Task prompt:
Go through the data and copy every line in which "mode" appears.

Data extracted from a collection:
────────────────

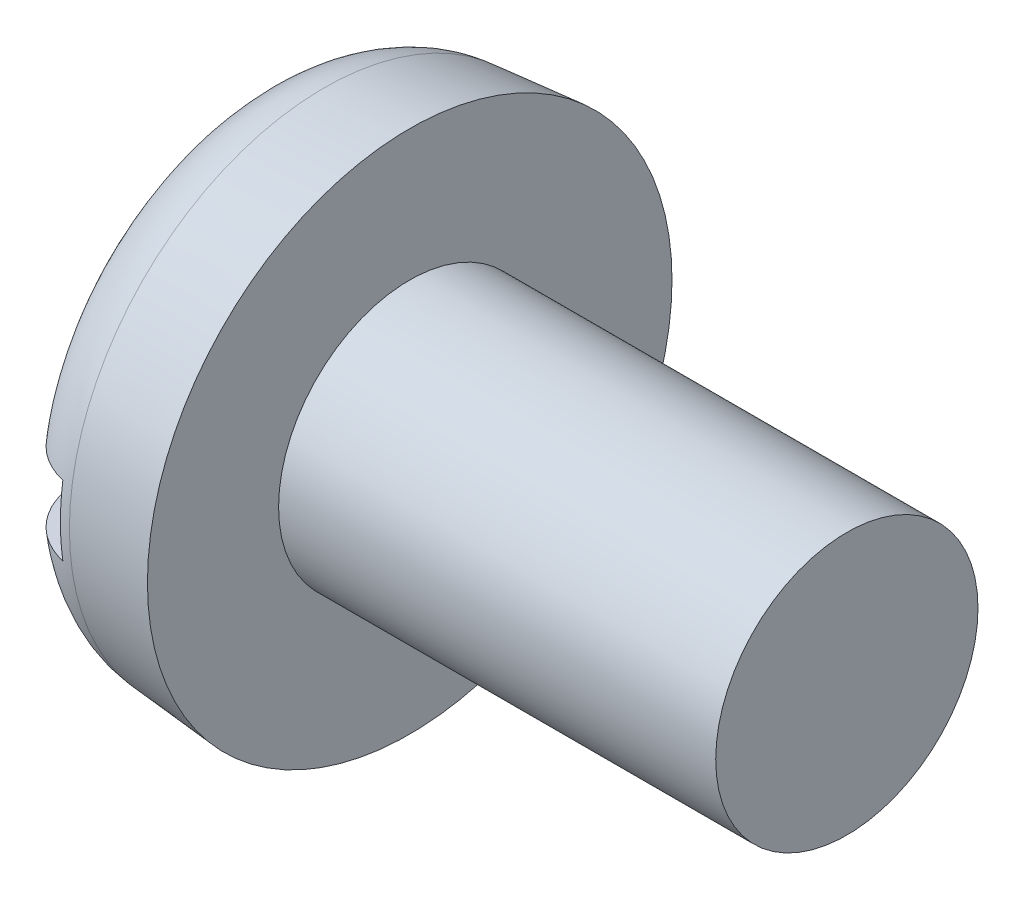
from build123d import *

# Parameters (mm, degrees)
FILLET2_R  = 1.8
SKETCH2_W  = 12
SKETCH2_H  = 1.6
SLOT_DEPTH = 1.4


with BuildPart() as part:
    # BodySke → Base-Revolve (revolve)
    with BuildSketch(Plane.XY, mode=Mode.PRIVATE) as base_revolve_sk:
        Polygon((3.6, 3), (3.6, 6), (0, 5.685040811), (0, 0), (13.6, 0), (13.6, 3), align=None)
    revolve(base_revolve_sk.sketch.rotate(Axis((-25.4, 0, 0), (1, 0, 0)), 90), axis=Axis((-25.4, 0, 0), (1, 0, 0)))

    # Fillet2
    fillet2_edges = [part.edges().sort_by_distance(p)[0] for p in [
        (0, 0, -5.685040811),
    ]]
    fillet(fillet2_edges, radius=FILLET2_R)

    # Sketch2 → Slot (cut)
    with BuildSketch(Plane(origin=(0, 0, 0), x_dir=(0, 0, -1), z_dir=(1, 0, 0))):
        Rectangle(SKETCH2_W, SKETCH2_H)
    extrude(amount=SLOT_DEPTH, mode=Mode.SUBTRACT)


solid = part.part

────────────────

Task result:
    with BuildSketch(Plane.XY, mode=Mode.PRIVATE) as base_revolve_sk:
    extrude(amount=SLOT_DEPTH, mode=Mode.SUBTRACT)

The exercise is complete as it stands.